Where is the source code you wish to compile?


----------



## rikotech (Jul 6, 2014)

I haven't made it yet.
But I think it doesn't mater.
If I succeed to compile "Hello world", I would develop much more comprehensive program.

So The next step after I run the GCC upon freeBSD is to intstall libpcap library.
And then the ultimate goal: THE CREATION OF THE PROGRAM - network sniffer.

Thats why I am doing it step by step:
1. install the freeBSD
2. create and account
3. run/install GCC
4. install libpcap
5. create code to make the net interface to act like a network sniffer.I am on step 3.
Then I get the money ole!


----------



## xibo (Jul 16, 2014)

See the handbook, chapter 5 on how to install additional packages, though if you're new to BSD/Unix you should start at chapter 4 instead.



			
				rikotech said:
			
		

> Hello.
> Thank you for the prompt reply. I know my questions are kind of silly, but here isn't a person to introduce me to FreeBSD.
> 
> I am using GCC 8.0 The problem is that I have zero hours experience with FreeBSD, except the installation. Basically I do only Windows so far. Maybe the compiler is the default like you say, but I even don't know how to start it. It is completely different OS from the Windows ones.
> ...



gcc 8.0 doesn't exist. The newest version officially released is 4.9.1 (released yesterday). You probably mean 4.8.0 ?

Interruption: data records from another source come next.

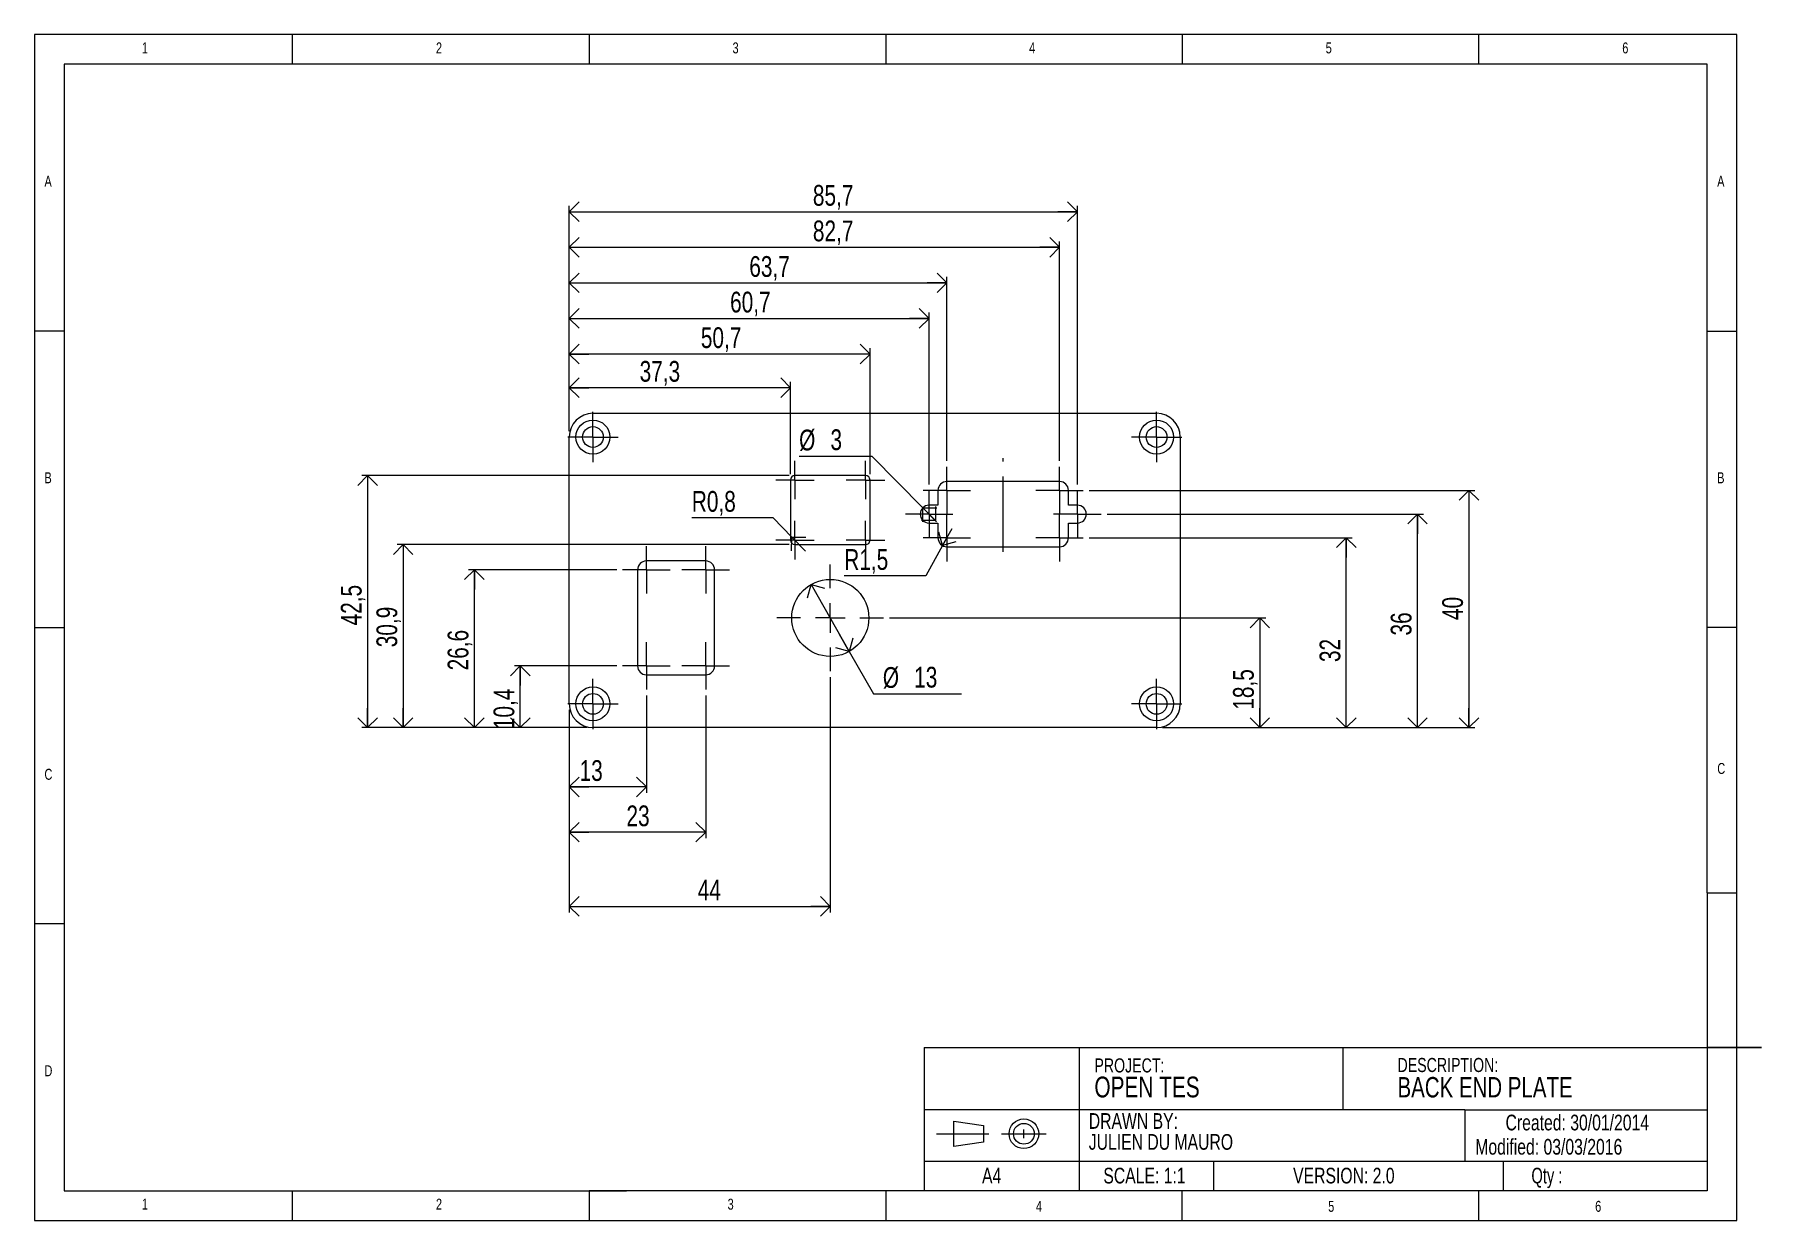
# Model space of a CAD drawing. Header units: millimetres. Extents: x 5 to 296, y 5 to 205.
import ezdxf

# ---------------------------------------------------------------- set-up
doc = ezdxf.new("R2010")
doc.units = ezdxf.units.MM
doc.linetypes.add('CENTERX2', pattern=[20.32, 12.7, -2.54, 2.54, -2.54])
doc.styles.add('SLDTEXTSTYLE0', font='TXT', dxfattribs={"width": 0.75})
doc.styles.add('SLDTEXTSTYLE1', font='TXT', dxfattribs={"width": 0.7})
doc.dimstyles.new('SLDDIMSTYLE0', dxfattribs={"dimtxt": 3.5, "dimasz": 3.302, "dimexe": 0, "dimexo": 0.0625, "dimgap": 0.875, "dimtad": 1, "dimdec": 1, "dimrnd": 1e-09, "dimzin": 12, "dimdsep": 46, "dimtxsty": 'SLDTEXTSTYLE0', "dimblk1": 'OPEN90', "dimblk2": 'OPEN90', "dimsah": 1, "dimcen": 0, "dimadec": 0, "dimazin": 3, "dimtfac": 1, "dimtdec": 1, "dimtmove": 0, "dimatfit": 3, "dimldrblk": 'OPEN90', "dimfxl": 1, "dimfrac": 2, "dimtolj": 1, "dimtzin": 12, "dimarcsym": 0})
doc.dimstyles.new('SLDDIMSTYLE1', dxfattribs={"dimtxt": 3.5, "dimasz": 3.302, "dimexe": 0, "dimexo": 0.0625, "dimgap": 0.875, "dimtad": 1, "dimdec": 1, "dimrnd": 1e-09, "dimzin": 12, "dimdsep": 46, "dimtxsty": 'SLDTEXTSTYLE0', "dimblk1": 'OPEN90', "dimblk2": 'OPEN90', "dimsah": 1, "dimcen": 0.09, "dimadec": 0, "dimazin": 3, "dimtfac": 1, "dimtdec": 1, "dimtofl": 0, "dimtmove": 0, "dimatfit": 3, "dimldrblk": 'OPEN90', "dimfxl": 1, "dimfrac": 2, "dimtolj": 1, "dimtzin": 12, "dimarcsym": 0})
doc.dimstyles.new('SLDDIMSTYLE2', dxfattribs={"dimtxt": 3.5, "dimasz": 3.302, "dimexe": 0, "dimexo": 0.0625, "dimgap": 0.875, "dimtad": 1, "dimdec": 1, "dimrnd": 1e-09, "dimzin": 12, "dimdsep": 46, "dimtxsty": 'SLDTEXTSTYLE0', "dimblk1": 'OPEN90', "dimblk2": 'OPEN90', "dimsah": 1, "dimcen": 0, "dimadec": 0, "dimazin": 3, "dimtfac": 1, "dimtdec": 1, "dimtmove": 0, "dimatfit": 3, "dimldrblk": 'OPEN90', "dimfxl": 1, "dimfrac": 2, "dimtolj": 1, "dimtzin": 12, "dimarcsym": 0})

An ancient version of gcc is part of the legacy FreeBSD release, and more recent versions are available in the ports(7) collection as others said. The default version used by ports(7) is 4.7.3, the other gcc versions get suffices indicating their release to the binary names, e.g. g++ release 4.8.x installed by the lang/gcc48 package is called g++48.



			
				estrabd said:
			
		

> gcc is not part of base as of 9.x, clang is.; to use gcc on newer systems you must install it from Ports.
> 
> "open gcc.exe" is nonesense.  Do a "which gcc".


While it's been some time since I used FreeBSD-9 the last time, I'm pretty sure it's still around, while the remaining presence of WITH_CLANG_IS_CC in 9-STABLE's build options indicates gcc is not only installed but still the default compiler, too.


----------